Никита улыбался своей вздрагивающей улыбкой и отходил в сторону…
Как и все, Вешка готовился к походу в тайгу с ночевкой. Он сам сладил себе заплечный мешок. Выпросил у матери сала, яиц, бутылку молока, хлеба. К месту сбора пришел раньше всех. За ним стали подходить и другие. Многие с настоящими ружьями, с топориками, самодельными кинжалами — в тайге всякое случиться может. Совсем собрались тронуться в путь, и тут ребячий атаман — Митяй-медвежья голова — вдруг с прищурочкой поглядел на Никиту:
— А ты куда, Вешка, собрался.
— С вами, в тайгу.
— С нами? — Митяй расхохотался.
Глаза Никите застелили слезы. Он ничего не видел, не слышал ребячьего смеха. Словно вынули его доброе маленькое сердце и наступили на него озорной ногой.

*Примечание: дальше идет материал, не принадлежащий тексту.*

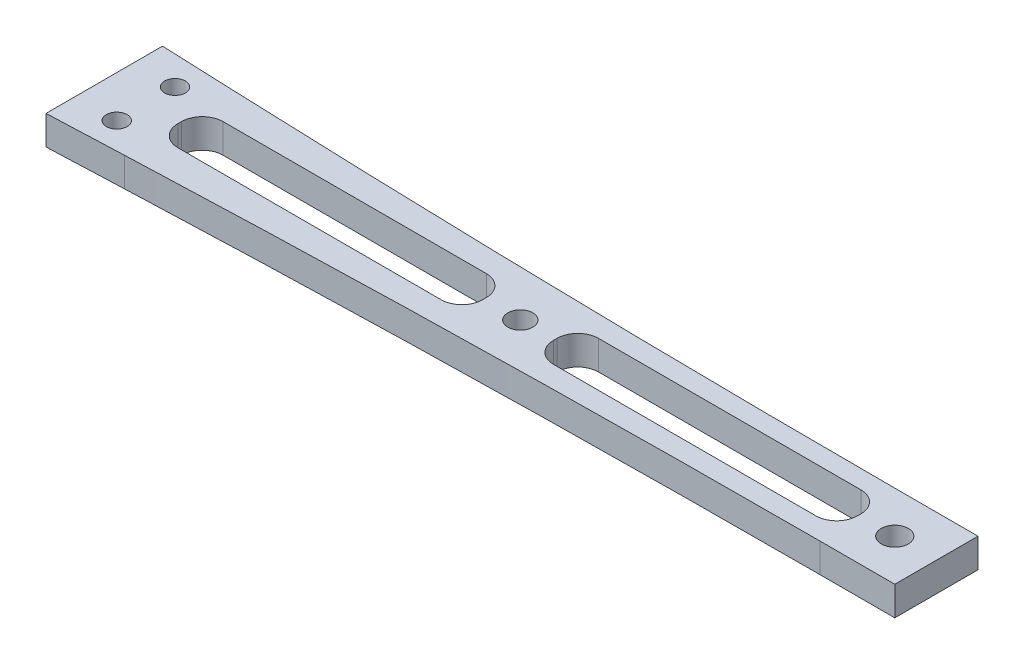
ISO-10303-21;
HEADER;
FILE_DESCRIPTION(('STEP AP214'),'2;1');
FILE_NAME('part.step','',(''),(''),'','','');
FILE_SCHEMA(('AUTOMOTIVE_DESIGN { 1 0 10303 214 1 1 1 1 }'));
ENDSEC;
DATA;
#1=APPLICATION_CONTEXT('core data for automotive mechanical design processes');
#2=APPLICATION_PROTOCOL_DEFINITION('international standard','automotive_design',2000,#1);
#3=PRODUCT_CONTEXT('',#1,'mechanical');
#4=PRODUCT('Part','Part','',(#3));
#5=PRODUCT_RELATED_PRODUCT_CATEGORY('part','',(#4));
#6=PRODUCT_DEFINITION_FORMATION('','',#4);
#7=PRODUCT_DEFINITION_CONTEXT('part definition',#1,'design');
#8=PRODUCT_DEFINITION('design','',#6,#7);
#9=PRODUCT_DEFINITION_SHAPE('','',#8);
#10=(LENGTH_UNIT() NAMED_UNIT(*) SI_UNIT(.MILLI.,.METRE.));
#11=(NAMED_UNIT(*) PLANE_ANGLE_UNIT() SI_UNIT($,.RADIAN.));
#12=(NAMED_UNIT(*) SI_UNIT($,.STERADIAN.) SOLID_ANGLE_UNIT());
#13=UNCERTAINTY_MEASURE_WITH_UNIT(LENGTH_MEASURE(1.E-05),#10,'distance_accuracy_value','');
#14=(GEOMETRIC_REPRESENTATION_CONTEXT(3) GLOBAL_UNCERTAINTY_ASSIGNED_CONTEXT((#13)) GLOBAL_UNIT_ASSIGNED_CONTEXT((#10,
#11,#12)) REPRESENTATION_CONTEXT('',''));
#15=CARTESIAN_POINT('',(0.,0.,0.));
#16=DIRECTION('',(0.,0.,1.));
#17=DIRECTION('',(1.,0.,0.));
#18=AXIS2_PLACEMENT_3D('',#15,#16,#17);
#19=CARTESIAN_POINT('',(113.225148065724,7.,-10.5745762799879));
#20=DIRECTION('',(0.,-1.,0.));
#21=DIRECTION('',(0.,0.,-1.));
#22=AXIS2_PLACEMENT_3D('',#19,#20,#21);
#23=CYLINDRICAL_SURFACE('',#22,5.00000000000001);
#24=CARTESIAN_POINT('',(113.225148065724,0.,-10.5745762799879));
#25=DIRECTION('',(0.,1.,0.));
#26=DIRECTION('',(0.,0.,1.));
#27=AXIS2_PLACEMENT_3D('',#24,#25,#26);
#28=CIRCLE('',#27,5.00000000000001);
#29=CARTESIAN_POINT('',(113.225148065724,0.,-15.5745762799879));
#30=VERTEX_POINT('',#29);
#31=CARTESIAN_POINT('',(108.225148065724,0.,-10.5745762799879));
#32=VERTEX_POINT('',#31);
#33=EDGE_CURVE('E380',#30,#32,#28,.T.);
#34=ORIENTED_EDGE('',*,*,#33,.F.);
#35=DIRECTION('',(0.,-1.,0.));
#36=VECTOR('',#35,1.);
#37=CARTESIAN_POINT('',(113.225148065724,7.,-15.5745762799879));
#38=LINE('',#37,#36);
#39=CARTESIAN_POINT('',(113.225148065724,7.,-15.5745762799879));
#40=VERTEX_POINT('',#39);
#41=EDGE_CURVE('E250',#40,#30,#38,.T.);
#42=ORIENTED_EDGE('',*,*,#41,.F.);
#43=CARTESIAN_POINT('',(113.225148065724,7.,-10.5745762799879));
#44=DIRECTION('',(0.,1.,0.));
#45=DIRECTION('',(0.,0.,1.));
#46=AXIS2_PLACEMENT_3D('',#43,#44,#45);
#47=CIRCLE('',#46,5.00000000000001);
#48=CARTESIAN_POINT('',(108.225148065724,7.,-10.5745762799879));
#49=VERTEX_POINT('',#48);
#50=EDGE_CURVE('E471',#40,#49,#47,.T.);
#51=ORIENTED_EDGE('',*,*,#50,.T.);
#52=DIRECTION('',(0.,-1.,0.));
#53=VECTOR('',#52,1.);
#54=CARTESIAN_POINT('',(108.225148065724,7.,-10.5745762799879));
#55=LINE('',#54,#53);
#56=EDGE_CURVE('E284',#49,#32,#55,.T.);
#57=ORIENTED_EDGE('',*,*,#56,.T.);
#58=EDGE_LOOP('',(#34,#42,#51,#57));
#59=FACE_BOUND('',#58,.T.);
#60=ADVANCED_FACE('F45',(#59),#23,.F.);
#61=CARTESIAN_POINT('',(0.,7.,-15.5745762799879));
#62=DIRECTION('',(0.,0.,-1.));
#63=DIRECTION('',(-1.,0.,0.));
#64=AXIS2_PLACEMENT_3D('',#61,#62,#63);
#65=PLANE('',#64);
#66=DIRECTION('',(1.,0.,0.));
#67=VECTOR('',#66,1.);
#68=CARTESIAN_POINT('',(0.,0.,-15.5745762799879));
#69=LINE('',#68,#67);
#70=CARTESIAN_POINT('',(176.28620966279,0.,-15.5745762799879));
#71=VERTEX_POINT('',#70);
#72=EDGE_CURVE('E384',#30,#71,#69,.T.);
#73=ORIENTED_EDGE('',*,*,#72,.T.);
#74=DIRECTION('',(0.,-1.,0.));
#75=VECTOR('',#74,1.);
#76=CARTESIAN_POINT('',(176.28620966279,7.,-15.5745762799879));
#77=LINE('',#76,#75);
#78=CARTESIAN_POINT('',(176.28620966279,7.,-15.5745762799879));
#79=VERTEX_POINT('',#78);
#80=EDGE_CURVE('E266',#79,#71,#77,.T.);
#81=ORIENTED_EDGE('',*,*,#80,.F.);
#82=DIRECTION('',(1.,0.,0.));
#83=VECTOR('',#82,1.);
#84=CARTESIAN_POINT('',(0.,7.,-15.5745762799879));
#85=LINE('',#84,#83);
#86=EDGE_CURVE('E475',#40,#79,#85,.T.);
#87=ORIENTED_EDGE('',*,*,#86,.F.);
#88=ORIENTED_EDGE('',*,*,#41,.T.);
#89=EDGE_LOOP('',(#73,#81,#87,#88));
#90=FACE_BOUND('',#89,.T.);
#91=ADVANCED_FACE('F527',(#90),#65,.F.);
#92=CARTESIAN_POINT('',(176.28620966279,7.,-10.5745762799879));
#93=DIRECTION('',(0.,-1.,0.));
#94=DIRECTION('',(0.,0.,-1.));
#95=AXIS2_PLACEMENT_3D('',#92,#93,#94);
#96=CYLINDRICAL_SURFACE('',#95,4.99999999999999);
#97=CARTESIAN_POINT('',(176.28620966279,0.,-10.5745762799879));
#98=DIRECTION('',(0.,1.,0.));
#99=DIRECTION('',(0.,0.,1.));
#100=AXIS2_PLACEMENT_3D('',#97,#98,#99);
#101=CIRCLE('',#100,4.99999999999999);
#102=CARTESIAN_POINT('',(181.28620966279,0.,-10.5745762799879));
#103=VERTEX_POINT('',#102);
#104=EDGE_CURVE('E388',#103,#71,#101,.T.);
#105=ORIENTED_EDGE('',*,*,#104,.F.);
#106=DIRECTION('',(0.,-1.,0.));
#107=VECTOR('',#106,1.);
#108=CARTESIAN_POINT('',(181.28620966279,7.,-10.5745762799879));
#109=LINE('',#108,#107);
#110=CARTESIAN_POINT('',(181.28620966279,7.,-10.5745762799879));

Он опомнился, когда шумная ватага уже была на краю села. Домой Никите возвращаться нельзя — засмеют. «Пойду в тайгу один. И зайду подальше ихнего», — решил он.
Шел Никита долго. Уже тайга предупреждала его незнакомыми тропинками. Солнышко давно перебралось с левой стороны на правую и спряталось за верхушками деревьев, а он все шел.
Сердце у Никиты отходчивое. Он забыл про обиду и даже пел песни — чужие и свои. Сочинять их легко, смотри по сторонам и пой про то, что видишь. А кругом огромные деревья-молчуны, смышленые белки-летяги, кедровки, клесты…
Чем дальше шел Никита, тем непроходимее становился лес. Деревья-великаны закрывали ветвями небо, спрятали солнце. Места пошли незнакомые. Зоркие глаза Никиты еле-еле различали узкую тропку. Притаились в своих гнездах чуткие птицы, забрались поглубже в норы пугливые зверьки, спрятались в дупла игруньи-белки.
Вешке вспомнился дом. Наверное, там уже отужинали и легли спать. Оглянулся назад. Тропинка позади исчезла. Куда идти? Решил — вперед. Надо поесть, но останавливаться страшно… Спасибо, луна — в лесу чуть посветлело. Даже тропинка стала шире. Она вывела Вешку на большую полянку. Здесь было светлее, чем в лесу. Никита увидел избушку и, крадучись, подошел к ней.
Он зажег спичку, нашел дверь и остановился около нее. Прислушался, в избушке тишина… Только где-то неподалеку что-то шумело, будто кто-то переливал воду из большущих кадок.
Никита осторожно налег плечом на дверь. Она подалась неохотно, скрипнула. Вешка остановился на пороге и зажег новую спичку. Никого не было. Никита сразу догадался, что он в охотничьем домике. Домик — ничейный. Построили его добрые люди для тех, кто попал в беду: заблудился, сбился с дороги, за кем крались по пятам лютые враги, — голод и холод.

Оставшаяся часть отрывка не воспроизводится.